It’s Monday, just past 6am, and I’ve been awake, off and on, since 3.

I finally threw off the illusion of sleeping and gave up at 5.

Foremost on my mind has been school.

Today marks the beginning of Week 2 of distance teaching.

Unlike last Monday, when nerves were on edge because of the unknown, this morning feels a little different.

Although I don’t exactly have a daily routine in place, I do have a better feel for what my weekdays will encompass.

There will be phone calls to check up on students I haven’t “seen” online.

There will be the usual flurry of emails – mostly from administrators reminding us of all of the behind-the-scenes minutia that must be done.
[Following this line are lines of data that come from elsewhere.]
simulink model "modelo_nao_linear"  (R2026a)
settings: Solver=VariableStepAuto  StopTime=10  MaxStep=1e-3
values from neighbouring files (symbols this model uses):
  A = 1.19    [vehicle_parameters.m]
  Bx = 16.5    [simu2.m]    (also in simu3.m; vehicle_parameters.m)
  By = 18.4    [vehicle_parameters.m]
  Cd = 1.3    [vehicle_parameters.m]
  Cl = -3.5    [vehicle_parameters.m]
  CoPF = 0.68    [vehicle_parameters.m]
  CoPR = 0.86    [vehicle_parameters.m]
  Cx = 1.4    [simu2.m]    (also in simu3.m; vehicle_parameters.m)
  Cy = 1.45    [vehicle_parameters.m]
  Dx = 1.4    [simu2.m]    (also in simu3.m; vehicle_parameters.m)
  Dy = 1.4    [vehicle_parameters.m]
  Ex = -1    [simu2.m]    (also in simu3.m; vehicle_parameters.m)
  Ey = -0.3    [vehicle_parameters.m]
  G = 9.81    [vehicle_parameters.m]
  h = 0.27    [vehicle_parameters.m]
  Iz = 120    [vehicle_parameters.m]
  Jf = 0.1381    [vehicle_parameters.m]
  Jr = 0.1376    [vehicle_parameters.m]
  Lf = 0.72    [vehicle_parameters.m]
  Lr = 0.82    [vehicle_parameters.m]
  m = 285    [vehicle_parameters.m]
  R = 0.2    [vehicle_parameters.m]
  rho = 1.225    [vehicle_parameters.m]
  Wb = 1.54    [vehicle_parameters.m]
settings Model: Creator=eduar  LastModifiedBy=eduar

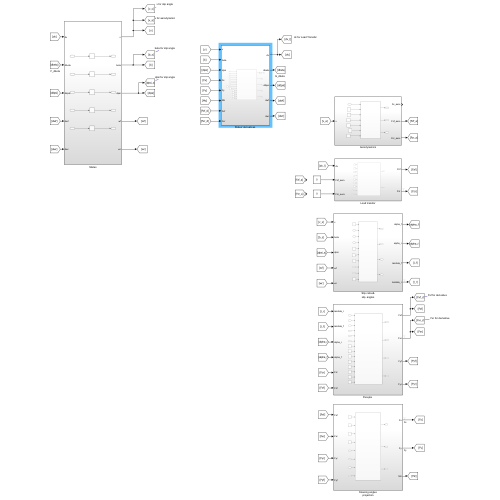
[thumbnail: Simulink's stored preview of the top-level diagram]
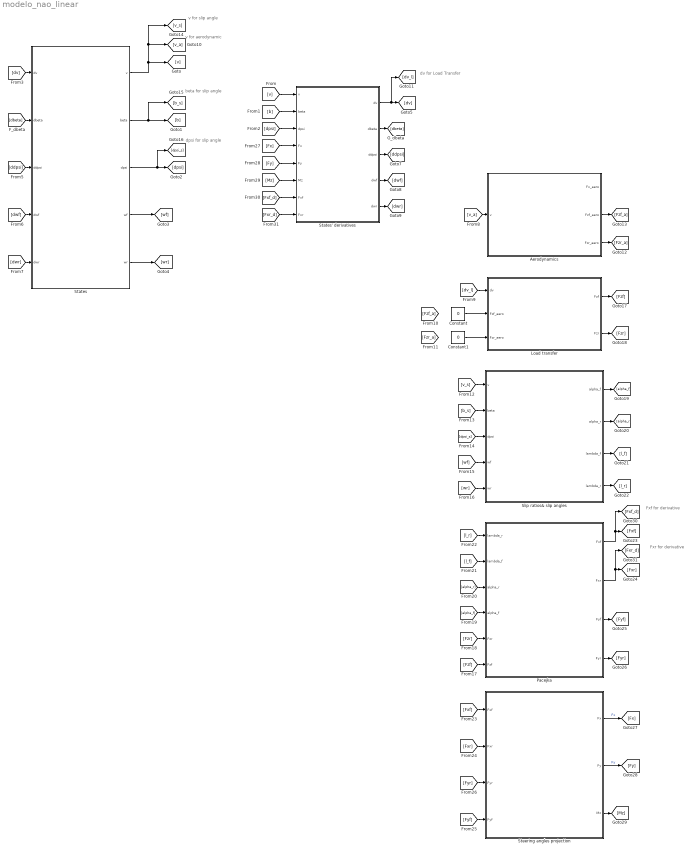
== system modelo_nao_linear ==
  note: Fxr for derivative
  note: dpsi for slip angle
  note: beta for slip angle
  note: v for slip angle
  note: dv for Load Transfer
  note: v for aerodynamic
  note: Fxf for derivative
  Aerodynamics : Subsystem
  Constant : Constant  Value=0
  Constant1 : Constant  Value=0
  Load transfer : Subsystem
  "Pacejka\t" : Subsystem
  Slip	ratios& slip	angles : Subsystem
  States : Subsystem
  "States' derivatives " : Subsystem
  Steering	angles projection : Subsystem
  wires:
  States/1(v) -> [v_a], [v_s], [v]
  States/3(dpsi) -> [dpsi_s], [dpsi]
  States/2(beta) -> [b_s], [b]
  States/4(wf) -> [wf]
  States/5(wr) -> [wr]
  [v] -> "States' derivatives "/1(v)
  [b] -> "States' derivatives "/2(beta)
  [dpsi] -> "States' derivatives "/3(dpsi)
  "States' derivatives "/1(dv) -> [dv_l], [dv]
  [dv] -> States/1(dv)
  "States' derivatives "/2(dbeta) -> [dbeta]
  [dbeta] -> States/2(dbeta)
  [ddpsi] -> States/3(ddpsi)
  [dwf] -> States/4(dwf)
  [dwr] -> States/5(dwr)
  "States' derivatives "/5(dwr) -> [dwr]
  "States' derivatives "/4(dwf) -> [dwf]
  "States' derivatives "/3(ddpsi) -> [ddpsi]
  [v_a] -> Aerodynamics/1(v)
  [dv_l] -> Load transfer/1(dv)
  Aerodynamics/2(Fzf_aero) -> [Fzf_a]
  Aerodynamics/3(Fzr_aero) -> [Fzr_a]
  [v_s] -> Slip	ratios& slip	angles/1(v)
  [b_s] -> Slip	ratios& slip	angles/2(beta)
  [dpsi_s] -> Slip	ratios& slip	angles/3(dpsi)
  [wf] -> Slip	ratios& slip	angles/4(wf)
  [wr] -> Slip	ratios& slip	angles/5(wr)
  Load transfer/1(Fzf) -> [Fzf]
  Load transfer/2(Fzr) -> [Fzr]
  [Fzf] -> "Pacejka\t"/6(Fzf)
  Slip	ratios& slip	angles/1(alpha_f) -> [alpha_f]
  Slip	ratios& slip	angles/2(alpha_r) -> [alpha_r]
  Slip	ratios& slip	angles/3(lambda_f) -> [l_f]
  Slip	ratios& slip	angles/4(lambda_r) -> [l_r]
  [l_r] -> "Pacejka\t"/1(lambda_r)
  [l_f] -> "Pacejka\t"/2(lambda_f)
  [alpha_r] -> "Pacejka\t"/3(alpha_r)
  [alpha_f] -> "Pacejka\t"/4(alpha_f)
  "Pacejka\t"/1(Fxf) -> [Fxf_d], [Fxf]
  "Pacejka\t"/4(Fyr) -> [Fyr]
  "Pacejka\t"/2(Fxr) -> [Fxr_d], [Fxr]
  "Pacejka\t"/3(Fyf) -> [Fyf]
  [Fxf] -> Steering	angles projection/1(Fxf)
  [Fxr] -> Steering	angles projection/2(Fxr)
  [Fyf] -> Steering	angles projection/4(Fyf)
  [Fyr] -> Steering	angles projection/3(Fyr)
  Steering	angles projection/1(Fx) -> [Fx]  "Fx"
  Steering	angles projection/2(Fy) -> [Fy]  "Fy"
  Steering	angles projection/3(Mz) -> [Mz]
  [Mz] -> "States' derivatives "/6(Mz)
  [Fx] -> "States' derivatives "/4(Fx)
  [Fy] -> "States' derivatives "/5(Fy)
  [Fxf_d] -> "States' derivatives "/7(Fxf)
  [Fxr_d] -> "States' derivatives "/8(Fxr)
  [Fzr] -> "Pacejka\t"/5(Fzr)
  Constant/1 -> Load transfer/2(Fzf_aero)
  Constant1/1 -> Load transfer/3(Fzr_aero)

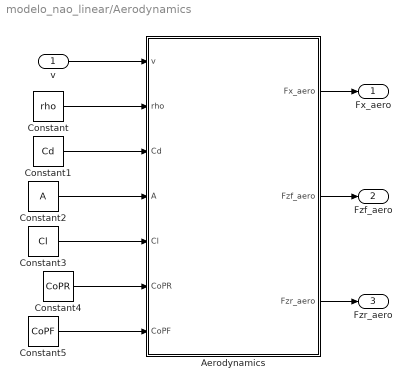
== system modelo_nao_linear/Aerodynamics ==
  v : Inport
  Aerodynamics : MATLAB Function  TreatAsAtomicUnit=on
  Constant : Constant  Value=rho
  Constant1 : Constant  Value=Cd
  Constant2 : Constant  Value=A
  Constant3 : Constant  Value=Cl
  Constant4 : Constant  Value=CoPR
  Constant5 : Constant  Value=CoPF
  Fx_aero : Outport
  Fzf_aero : Outport  Port=2
  Fzr_aero : Outport  Port=3
  wires:
  Constant/1 -> Aerodynamics/2(rho)
  Constant1/1 -> Aerodynamics/3(Cd)
  Constant2/1 -> Aerodynamics/4(A)
  Constant3/1 -> Aerodynamics/5(Cl)
  Aerodynamics/1(Fx_aero) -> Fx_aero/1
  Aerodynamics/2(Fzf_aero) -> Fzf_aero/1
  Aerodynamics/3(Fzr_aero) -> Fzr_aero/1
  v/1 -> Aerodynamics/1(v)
  Constant4/1 -> Aerodynamics/6(CoPR)
  Constant5/1 -> Aerodynamics/7(CoPF)

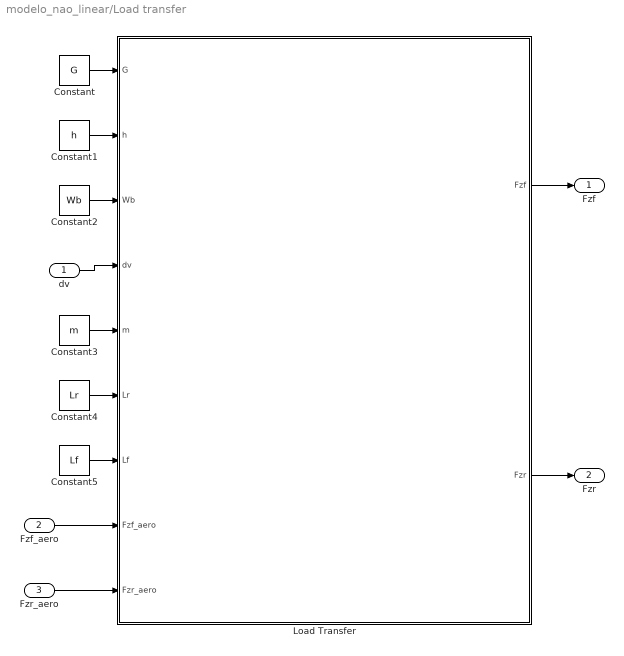
== system modelo_nao_linear/Load transfer ==
  dv : Inport
  Fzf_aero : Inport  Port=2
  Fzr_aero : Inport  Port=3
  Constant : Constant  Value=G
  Constant1 : Constant  Value=h
  Constant2 : Constant  Value=Wb
  Constant3 : Constant  Value=m
  Constant4 : Constant  Value=Lr
  Constant5 : Constant  Value=Lf
  Load Transfer : MATLAB Function  TreatAsAtomicUnit=on
  Fzf : Outport
  Fzr : Outport  Port=2
  wires:
  Constant/1 -> Load Transfer/1(G)
  Constant1/1 -> Load Transfer/2(h)
  Constant2/1 -> Load Transfer/3(Wb)
  Constant3/1 -> Load Transfer/5(m)
  Constant4/1 -> Load Transfer/6(Lr)
  Constant5/1 -> Load Transfer/7(Lf)
  Fzf_aero/1 -> Load Transfer/8(Fzf_aero)
  Fzr_aero/1 -> Load Transfer/9(Fzr_aero)
  Load Transfer/1(Fzf) -> Fzf/1
  Load Transfer/2(Fzr) -> Fzr/1
  dv/1 -> Load Transfer/4(dv)

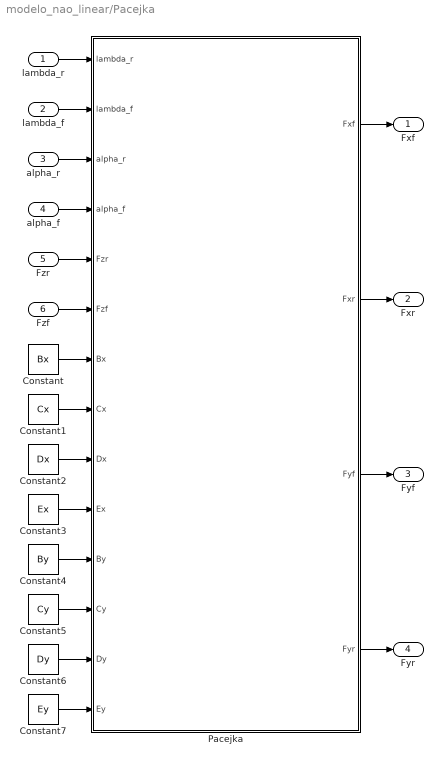
== system modelo_nao_linear/Pacejka	 ==
  lambda_r : Inport
  lambda_f : Inport  Port=2
  alpha_r : Inport  Port=3
  alpha_f : Inport  Port=4
  Fzr : Inport  Port=5
  Fzf : Inport  Port=6
  Constant : Constant  Value=Bx
  Constant1 : Constant  Value=Cx
  Constant2 : Constant  Value=Dx
  Constant3 : Constant  Value=Ex
  Constant4 : Constant  Value=By
  Constant5 : Constant  Value=Cy
  Constant6 : Constant  Value=Dy
  Constant7 : Constant  Value=Ey
  Pacejka : MATLAB Function  TreatAsAtomicUnit=on
  Fxf : Outport
  Fxr : Outport  Port=2
  Fyf : Outport  Port=3
  Fyr : Outport  Port=4
  wires:
  Constant/1 -> Pacejka/7(Bx)
  Constant1/1 -> Pacejka/8(Cx)
  Constant2/1 -> Pacejka/9(Dx)
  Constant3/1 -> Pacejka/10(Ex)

There’s a lot more of that these days since everything we are doing is “behind the scenes” now.

In fact, even as I sit here composing this post, I can hear the sound of my email notification going off on my phone.

I dare not check . . . just yet.

There will be the inputting of grades – lots of them in my case because the online program my English 4 students are using has a lot of activities.

There will be exactly 5,794 Remind101 messages exchanged back and forth – my primary means of communicating with my students and answering their panicked requests for assistance.

I’ve always wanted to teach from home, but last week taught me a few things.

Lesson #1: It’s a little harder to unplug when your office happens to be the place where you live.

The overachiever in me has a hard time looking at my makeshift desk next to the TV and not thinking about the to-do list written in the notebook that sits beside my laptop.

That list is a siren beckoning me to do more.

And I did . . . do more . . on Sunday . . . because my face had makeup on it (I “dressed up” for online church), and I wanted to go ahead and make my weekly videos for my students while I was looking my best.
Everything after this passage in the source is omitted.